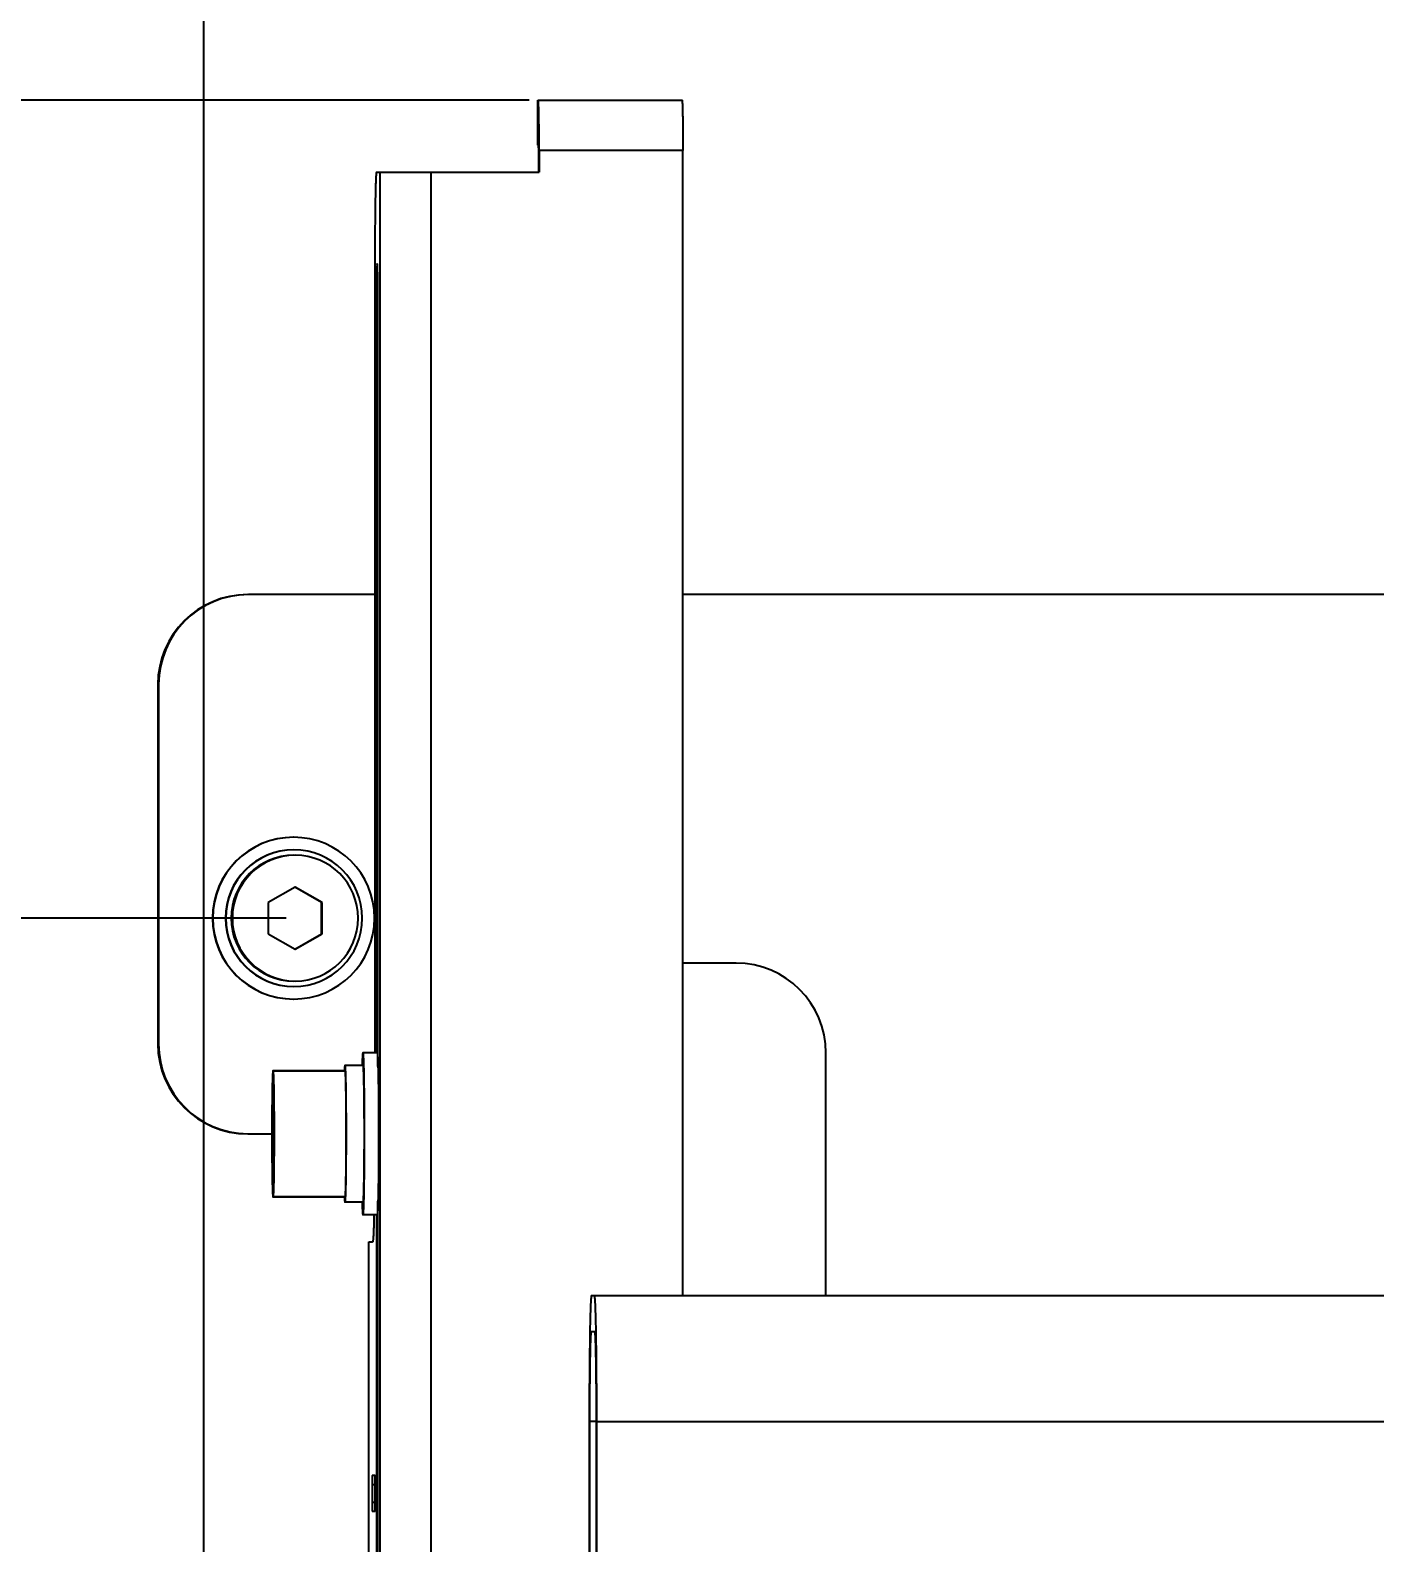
# Model space of a CAD drawing. Header units: millimetres. Extents: x 0 to 841, y 0 to 594.
# Drawn here: x 89.8 to 164.6, y 356.2 to 440.4 of the extents above; entities that cross this region are included whole.
import ezdxf

# ---------------------------------------------------------------- set-up
doc = ezdxf.new("R2010")
doc.units = ezdxf.units.MM
doc.header["$LTSCALE"] = 46.255
doc.layers.get('0').update_dxf_attribs({"linetype": 'CONTINUOUS'})
doc.layers.add('3_ALL_AXIS', color=7, linetype='CONTINUOUS')
doc.styles.get("Standard").update_dxf_attribs({"font": 'txt', "width": 0.8})
doc.dimstyles.new('DIMSTYLE_2', dxfattribs={"dimtxt": 2.5, "dimasz": 2.5, "dimexe": 2, "dimexo": 0.5, "dimtad": 1, "dimdec": 3, "dimdsep": 46, "dimtxsty": 'STANDARD', "dimblk": 'OPEN', "dimblk1": 'OPEN', "dimblk2": 'OPEN', "dimcen": 0.09, "dimadec": 0, "dimazin": 0, "dimtp": 0.5, "dimtm": 0.5, "dimtfac": 1, "dimtdec": 3, "dimtofl": 0, "dimtmove": 0, "dimatfit": 3, "dimldrblk": 'OPEN', "dimfxl": 1, "dimtolj": 1, "dimarcsym": 0})
doc.dimstyles.new('DIMSTYLE_4', dxfattribs={"dimtxt": 2.5, "dimasz": 2.5, "dimexe": 2, "dimexo": 0.5, "dimtad": 1, "dimdec": 4, "dimdsep": 46, "dimtxsty": 'STANDARD', "dimblk": 'OPEN', "dimblk1": 'OPEN', "dimblk2": 'OPEN', "dimcen": 0.09, "dimadec": 0, "dimazin": 0, "dimtp": 0.5, "dimtm": 0.5, "dimtfac": 1, "dimtdec": 4, "dimtofl": 0, "dimtmove": 0, "dimatfit": 3, "dimldrblk": 'OPEN', "dimfxl": 1, "dimtolj": 1, "dimarcsym": 0})

# ---------------------------------------------------------------- blocks, each defined once
blk = doc.blocks.new('_OPEN')
at = {"color": 0, "linetype": 'BYBLOCK'}
for p, q in [((0, 0), (-1, 0.2)), ((-1, -0.2), (0, 0)), ((-1, 0), (0, 0))]:
    blk.add_line(p, q, dxfattribs=at)
blk = doc.blocks.new('*D1')
at = {"color": 2, "linetype": 'CONTINUOUS'}
for p, q in [((99.41, 256.965), (99.41, 468.591)), ((241.389, 391.465), (241.389, 468.591)), ((99.41, 466.591), (170.399, 466.591)), ((241.389, 466.591), (170.399, 466.591))]:
    blk.add_line(p, q, dxfattribs=at)
at = {"color": 2, "linetype": 'CONTINUOUS', "xscale": 2.5, "yscale": 2.5, "zscale": 2.5, "rotation": 180}
blk.add_blockref('_OPEN', (99.41, 466.591), dxfattribs=at)
at = {"color": 2, "linetype": 'CONTINUOUS', "xscale": 2.5, "yscale": 2.5, "zscale": 2.5}
blk.add_blockref('_OPEN', (241.389, 466.591), dxfattribs=at)
at = {"color": 2, "linetype": 'CONTINUOUS', "insert": (168.399, 469.716), "char_height": 2.5, "width": 10, "attachment_point": 2, "line_spacing_factor": 0.9}
blk.add_mtext('142\\P[5.6]', dxfattribs=at)
blk = doc.blocks.new('*D6')
at = {"color": 2, "linetype": 'CONTINUOUS'}
for p, q in [((103.997, 390.965), (35.377, 390.965)), ((37.377, 390.965), (37.377, 323.715)), ((37.377, 256.465), (37.377, 323.715)), ((98.998, 256.465), (35.377, 256.465))]:
    blk.add_line(p, q, dxfattribs=at)
at = {"color": 2, "linetype": 'CONTINUOUS', "xscale": 2.5, "yscale": 2.5, "zscale": 2.5}
for p, rotation in [((37.377, 390.965), 90), ((37.377, 256.465), 270)]:
    blk.add_blockref('_OPEN', p, dxfattribs=dict(at, rotation=rotation))
at = {"color": 2, "linetype": 'CONTINUOUS', "insert": (34.252, 328.254), "char_height": 2.5, "width": 10, "attachment_point": 2, "rotation": 90, "line_spacing_factor": 0.9}
blk.add_mtext('134,5\\P[5.3]', dxfattribs=at)
blk = doc.blocks.new('*D7')
at = {"color": 2, "linetype": 'CONTINUOUS'}
for p, q in [((117.517, 436.465), (24.788, 436.465)), ((26.788, 436.465), (26.788, 298.715)), ((26.788, 160.965), (26.788, 298.715)), ((209.211, 160.965), (24.788, 160.965))]:
    blk.add_line(p, q, dxfattribs=at)
at = {"color": 2, "linetype": 'CONTINUOUS', "xscale": 2.5, "yscale": 2.5, "zscale": 2.5}
for p, rotation in [((26.788, 436.465), 90), ((26.788, 160.965), 270)]:
    blk.add_blockref('_OPEN', p, dxfattribs=dict(at, rotation=rotation))
at = {"color": 2, "linetype": 'CONTINUOUS', "insert": (23.663, 297.715), "char_height": 2.5, "width": 12, "attachment_point": 2, "rotation": 90, "line_spacing_factor": 0.9}
blk.add_mtext('275,5\\P[10.8]', dxfattribs=at)

msp = doc.modelspace()

# ---------------------------------------------------------------- linework, layer by layer
at = {"color": 7, "linetype": 'CONTINUOUS'}
for p, q in [((117.98678, 433.96521), (117.98678, 436.46521)), ((117.98678, 436.46521), (126.01538, 436.46521)), ((118.0166, 433.96521), (117.98693, 433.96521)), ((118.02184, 433.66521), (118.02184, 432.46521)), ((118.06547, 433.66521), (118.06547, 432.46521)), ((126.06425, 433.66521), (118.06547, 433.66521)), ((126.06425, 369.96521), (126.06425, 433.66521)), ((109.01375, 432.46521), (118.06547, 432.46521)), ((109.21794, 301.7336), (109.21794, 432.46521)), ((112.06638, 301.85798), (112.06638, 432.46521)), ((108.92649, 427.46521), (108.92649, 383.46521)), ((109.01375, 424.86521), (109.01375, 383.46521)), ((109.01375, 424.86521), (109.10101, 424.86521)), ((109.10101, 382.70615), (109.10101, 424.86521)), ((108.92649, 408.96521), (101.89591, 408.96521)), ((248.57357, 408.96521), (126.06425, 408.96521)), ((96.85304, 403.96521), (96.85304, 383.96521)), ((96.89667, 403.96521), (96.85304, 403.96521)), ((96.89667, 403.96521), (96.89667, 383.96521)), ((104.49675, 392.69726), (102.99698, 391.83123)), ((105.95813, 391.83123), (104.47756, 392.68617)), ((105.99653, 391.83123), (104.49675, 392.69726)), ((102.99698, 391.83123), (102.99698, 390.09918)), ((105.95813, 390.09918), (105.95813, 391.83123)), ((105.99653, 391.83123), (105.95813, 391.83123)), ((105.99653, 390.09918), (105.99653, 391.83123)), ((102.99698, 390.09918), (104.49675, 389.23316)), ((104.47756, 389.24424), (105.95813, 390.09918)), ((104.49675, 389.23316), (105.99653, 390.09918)), ((105.99653, 390.09918), (105.95813, 390.09918)), ((129.02016, 388.46521), (126.06425, 388.46521)), ((96.89667, 383.96521), (96.85304, 383.96521)), ((109.05738, 383.46521), (108.2575, 383.46521)), ((134.0194, 369.96521), (134.0194, 383.46521)), ((107.25765, 382.46521), (103.25826, 382.46521)), ((108.2575, 382.76521), (107.25765, 382.76521)), ((103.24315, 380.46521), (103.22803, 378.96521)), ((103.27338, 380.46521), (103.24315, 380.46521)), ((103.28849, 378.96521), (103.27338, 380.46521)), ((101.89591, 378.96521), (103.19718, 378.96521)), ((103.22803, 378.96521), (103.24315, 377.46521)), ((103.22803, 378.96521), (103.28849, 378.96521)), ((103.27338, 377.46521), (103.28849, 378.96521)), ((103.24315, 377.46521), (103.27338, 377.46521)), ((107.25765, 375.46521), (103.25826, 375.46521)), ((108.2575, 375.16521), (107.25765, 375.16521)), ((109.05738, 374.46521), (108.2575, 374.46521)), ((109.01375, 374.46521), (109.01375, 343.46521)), ((109.10101, 342.70615), (109.10101, 375.22427)), ((108.5997, 343.46521), (108.5997, 372.96521)), ((108.5997, 372.96521), (108.80432, 372.96521)), ((108.60013, 343.46521), (108.60013, 372.96521)), ((120.97522, 369.96521), (394.15741, 369.96521)), ((120.97522, 367.96521), (121.14974, 367.96521)), ((120.85305, 362.96521), (120.85305, 346.96521)), ((120.88796, 346.96521), (120.88796, 362.96521)), ((121.237, 362.96521), (120.88796, 362.96521)), ((121.237, 362.96521), (121.237, 334.87354)), ((121.27191, 334.87354), (121.27191, 362.96521)), ((121.27191, 362.96521), (394.23033, 362.96521)), ((108.77814, 359.46521), (108.77814, 358.46521)), ((108.77814, 359.46521), (108.95267, 359.46521)), ((108.94394, 359.96521), (108.78687, 359.96521)), ((108.95267, 358.46521), (108.95267, 359.46521)), ((108.77814, 358.46521), (108.95267, 358.46521)), ((108.78687, 357.96521), (108.94394, 357.96521))]:
    msp.add_line(p, q, dxfattribs=at)
for centre, radius, start, end in [((101.8527, 403.96563), 4.99962, 90.0048644, 180.0048637), ((101.89634, 403.96563), 4.99962, 90.0048644, 180.0048637), ((104.39591, 390.96559), 4.49966, 90.0048682, 180.0048529), ((104.40987, 390.96559), 4.49966, 90.0048682, 180.0048529), ((104.40982, 390.96553), 3.79971, 90.0048682, 180.0048529), ((104.42727, 390.96553), 3.79971, 90.0048598, 180.0048505), ((104.40911, 390.96559), 4.49966, 359.9951459, 89.9951331), ((104.42662, 390.96553), 3.79971, 359.9951495, 89.9951402), ((104.42724, 390.9655), 3.49973, 90.0048598, 180.0048505), ((104.39591, 390.96483), 4.49966, 179.9951398, 269.9951392), ((104.40987, 390.96483), 4.49966, 179.9951398, 269.9951392), ((104.40981, 390.96489), 3.79971, 179.9951398, 269.9951392), ((104.42727, 390.96489), 3.79971, 179.9951495, 269.9951402), ((104.42724, 390.96491), 3.49973, 179.9951495, 269.9951402), ((104.40911, 390.96483), 4.49966, 270.0048608, 0.0048602), ((104.42662, 390.96489), 3.79971, 270.0048598, 0.0048505), ((129.01974, 383.46563), 4.99962, 359.9951404, 89.9951315), ((101.8527, 383.96478), 4.99962, 179.9951363, 269.9951356), ((101.89634, 383.96479), 4.99963, 179.995193, 269.4950483), ((101.89591, 383.96238), 4.99717, 269.4997391, 269.9999838)]:
    msp.add_arc(centre, radius, start, end, dxfattribs=at)
for points, knots in [([(118.06547, 433.66521), (118.06547, 433.84729), (118.06487, 434.20447), (118.06259, 434.64444), (118.05983, 434.98088), (118.05738, 435.21581), (118.05456, 435.43581), (118.05137, 435.63876), (118.04787, 435.8227), (118.04408, 435.98586), (118.04059, 436.10811), (118.03761, 436.19435), (118.03544, 436.25), (118.03322, 436.29942), (118.03098, 436.3425), (118.0287, 436.37914), (118.02642, 436.40922), (118.02413, 436.43275), (118.02195, 436.44952), (118.01987, 436.45955), (118.01824, 436.464), (118.01709, 436.46521), (118.0166, 436.46521)], [0, 0, 0, 0, 0.19494964, 0.38240977, 0.47106199, 0.55517925, 0.63395192, 0.70662198, 0.77249021, 0.8309233, 0.88135987, 0.90342518, 0.92331644, 0.94098627, 0.95639288, 0.96950033, 0.98027898, 0.98870644, 0.99477012, 0.99847787, 0.99947678, 1, 1, 1, 1]), ([(126.01538, 436.46521), (126.01587, 436.46521), (126.01702, 436.464), (126.01865, 436.45955), (126.02073, 436.44952), (126.02291, 436.43275), (126.02521, 436.40922), (126.02748, 436.37914), (126.02976, 436.3425), (126.032, 436.29942), (126.03422, 436.25), (126.0364, 436.19435), (126.03937, 436.10811), (126.04286, 435.98586), (126.04665, 435.8227), (126.05016, 435.63876), (126.05334, 435.43581), (126.05617, 435.21581), (126.05861, 434.98088), (126.06137, 434.64444), (126.06365, 434.20447), (126.06425, 433.84729), (126.06425, 433.66521)], [0, 0, 0, 0, 0.00052322, 0.00152213, 0.00522988, 0.01129356, 0.01972102, 0.03049967, 0.04360712, 0.05901373, 0.07668356, 0.09657482, 0.11864013, 0.1690767, 0.22750979, 0.29337802, 0.36604808, 0.44482075, 0.52893801, 0.61759023, 0.80505036, 1, 1, 1, 1]), ([(118.0166, 433.96521), (118.01675, 433.96521), (118.01696, 433.96454), (118.01717, 433.96359), (118.01741, 433.9617), (118.01778, 433.95793), (118.0182, 433.95136), (118.01866, 433.94149), (118.01911, 433.92894), (118.01955, 433.91385), (118.01995, 433.89637), (118.02048, 433.86878), (118.02102, 433.82975), (118.02148, 433.77854), (118.02177, 433.72299), (118.02184, 433.68472), (118.02184, 433.66521)], [0, 0, 0, 0, 0.0014771, 0.00518475, 0.01124899, 0.01967662, 0.04356327, 0.07664105, 0.11859952, 0.16903846, 0.22747427, 0.29334557, 0.44479511, 0.61757238, 0.8050408, 1, 1, 1, 1]), ([(109.01375, 432.46521), (109.01288, 432.46521), (109.01082, 432.46304), (109.00912, 432.45838), (109.00697, 432.45072), (109.00392, 432.43474), (109.00028, 432.40718), (108.99622, 432.36525), (108.99214, 432.3115), (108.98808, 432.24609), (108.98407, 432.16916), (108.98011, 432.08091), (108.97622, 431.98153), (108.97092, 431.82753), (108.96468, 431.60923), (108.95791, 431.31787), (108.95165, 430.9894), (108.94597, 430.627), (108.94092, 430.23415), (108.93656, 429.81463), (108.93293, 429.37249), (108.93007, 428.91197), (108.9273, 428.27417), (108.92649, 427.79036), (108.92649, 427.46521)], [0, 0, 0, 0, 0.00052321, 0.00152212, 0.00308555, 0.00523252, 0.01129619, 0.01972364, 0.03050227, 0.04360969, 0.05901624, 0.07668602, 0.09657723, 0.11864249, 0.16907891, 0.22751182, 0.29337989, 0.36604973, 0.4448222, 0.52893923, 0.6175912, 0.70992472, 0.80505091, 1, 1, 1, 1]), ([(109.05738, 427.36521), (109.05694, 427.36521), (109.05592, 427.36413), (109.05446, 427.36016), (109.0526, 427.3512), (109.05066, 427.33623), (109.04861, 427.31521), (109.04658, 427.28836), (109.04455, 427.25565), (109.04254, 427.21719), (109.03974, 427.15468), (109.03644, 427.06295), (109.03284, 426.93722), (109.02946, 426.79154), (109.02633, 426.62731), (109.02349, 426.4461), (109.02097, 426.24968), (109.01879, 426.03992), (109.01632, 425.73952), (109.01429, 425.34669), (109.01375, 425.02778), (109.01375, 424.86521)], [0, 0, 0, 0, 0.00052324, 0.00152214, 0.0052299, 0.01129357, 0.01972102, 0.03049968, 0.04360715, 0.05901376, 0.07668357, 0.11864005, 0.16907663, 0.22750969, 0.29337797, 0.36604799, 0.4448207, 0.52893796, 0.61759019, 0.80505034, 1, 1, 1, 1]), ([(109.10101, 424.86521), (109.10101, 425.02778), (109.10047, 425.34669), (109.09844, 425.73952), (109.09597, 426.03992), (109.09379, 426.24968), (109.09127, 426.4461), (109.08843, 426.62731), (109.0853, 426.79154), (109.08192, 426.93722), (109.07832, 427.06295), (109.07502, 427.15468), (109.07222, 427.21719), (109.07021, 427.25565), (109.06818, 427.28836), (109.06615, 427.31521), (109.0641, 427.33623), (109.06216, 427.3512), (109.0603, 427.36016), (109.05884, 427.36413), (109.05782, 427.36521), (109.05738, 427.36521)], [0, 0, 0, 0, 0.19494966, 0.38240981, 0.47106204, 0.5551793, 0.63395201, 0.70662203, 0.77249031, 0.83092337, 0.88135995, 0.92331643, 0.94098624, 0.95639285, 0.96950032, 0.98027898, 0.98870643, 0.9947701, 0.99847786, 0.99947676, 1, 1, 1, 1]), ([(108.2575, 383.46521), (108.25619, 383.46521), (108.25357, 383.46051), (108.25151, 383.45253), (108.2487, 383.43805), (108.24614, 383.4186), (108.24343, 383.39337), (108.24076, 383.36272), (108.23809, 383.32655), (108.23433, 383.26752), (108.22983, 383.18039), (108.22478, 383.06017), (108.21988, 382.91953), (108.21692, 382.81902), (108.21544, 382.76547)], [0, 0, 0, 0, 0.00561666, 0.01822873, 0.03856012, 0.0667298, 0.10274693, 0.14658638, 0.19821143, 0.2575632, 0.39915091, 0.57067471, 0.7712898, 1, 1, 1, 1]), ([(108.2575, 383.46521), (108.25829, 383.46521), (108.26013, 383.46326), (108.26167, 383.45906), (108.2636, 383.45216), (108.26634, 383.43779), (108.26963, 383.41298), (108.27328, 383.37524), (108.27695, 383.32687), (108.2806, 383.268), (108.28422, 383.19877), (108.28778, 383.11934), (108.29127, 383.0299), (108.29605, 382.89129), (108.30166, 382.69483), (108.30776, 382.4326), (108.31339, 382.13698), (108.3185, 381.81082), (108.32304, 381.45725), (108.32697, 381.07969), (108.3314, 380.53897), (108.33507, 379.83187), (108.33653, 378.96521), (108.33507, 378.09854), (108.3314, 377.39145), (108.32697, 376.85073), (108.32304, 376.47316), (108.3185, 376.1196), (108.31339, 375.79343), (108.30776, 375.49782), (108.30166, 375.23559), (108.29605, 375.03912), (108.29127, 374.90052), (108.28778, 374.81108), (108.28422, 374.73165), (108.2806, 374.66242), (108.27695, 374.60355), (108.27328, 374.55517), (108.26963, 374.51743), (108.26634, 374.49263), (108.2636, 374.47825), (108.26167, 374.47136), (108.26013, 374.46716), (108.25829, 374.46521), (108.2575, 374.46521)], [0, 0, 0, 0, 0.0002616, 0.00076115, 0.00154283, 0.00261621, 0.00564816, 0.00986185, 0.01525112, 0.02180493, 0.02950804, 0.03834311, 0.04828854, 0.05932132, 0.08453948, 0.11375588, 0.14668989, 0.18302485, 0.22241114, 0.26446968, 0.30879567, 0.40252545, 0.5, 0.59747455, 0.69120433, 0.73553032, 0.77758886, 0.81697515, 0.85331011, 0.88624412, 0.91546052, 0.94067868, 0.95171146, 0.96165689, 0.97049196, 0.97819507, 0.98474888, 0.99013815, 0.99435184, 0.99738379, 0.99845717, 0.99923885, 0.9997384, 1, 1, 1, 1]), ([(109.05738, 383.46521), (109.05878, 383.46521), (109.06148, 383.46003), (109.06363, 383.45145), (109.06655, 383.43569), (109.06922, 383.41458), (109.07204, 383.38717), (109.07482, 383.35388), (109.0776, 383.31461), (109.0815, 383.25055), (109.08617, 383.15604), (109.09139, 383.02573), (109.09645, 382.8734), (109.0995, 382.76459), (109.10102, 382.70664)], [0, 0, 0, 0, 0.00551947, 0.01811452, 0.03846665, 0.06668243, 0.10276315, 0.14667983, 0.19839009, 0.25782596, 0.3995597, 0.57113784, 0.77164637, 1, 1, 1, 1]), ([(107.25765, 382.76521), (107.25697, 382.76521), (107.25538, 382.76349), (107.25407, 382.75983), (107.25241, 382.7538), (107.25006, 382.74123), (107.24724, 382.71954), (107.2441, 382.68654), (107.24095, 382.64425), (107.23781, 382.59279), (107.23471, 382.53228), (107.23281, 382.48893), (107.23185, 382.46578)], [0, 0, 0, 0, 0.00674855, 0.01974517, 0.04011959, 0.06811284, 0.14720884, 0.25714354, 0.3977401, 0.56870176, 0.76961034, 1, 1, 1, 1]), ([(107.25765, 382.76521), (107.25832, 382.76521), (107.25988, 382.76356), (107.26208, 382.75753), (107.26491, 382.74391), (107.26787, 382.72116), (107.27099, 382.68922), (107.27407, 382.64839), (107.27716, 382.59867), (107.28021, 382.54021), (107.28322, 382.47314), (107.28617, 382.39762), (107.2902, 382.28057), (107.29495, 382.11466), (107.30009, 381.89323), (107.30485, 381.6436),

Exercise brief >> When a line in the material contains the string "blocks", copy that line.

Worked solution >>
# ---------------------------------------------------------------- blocks, each defined once
blk = doc.blocks.new('_OPEN')
blk = doc.blocks.new('*D1')
blk = doc.blocks.new('*D6')
blk = doc.blocks.new('*D7')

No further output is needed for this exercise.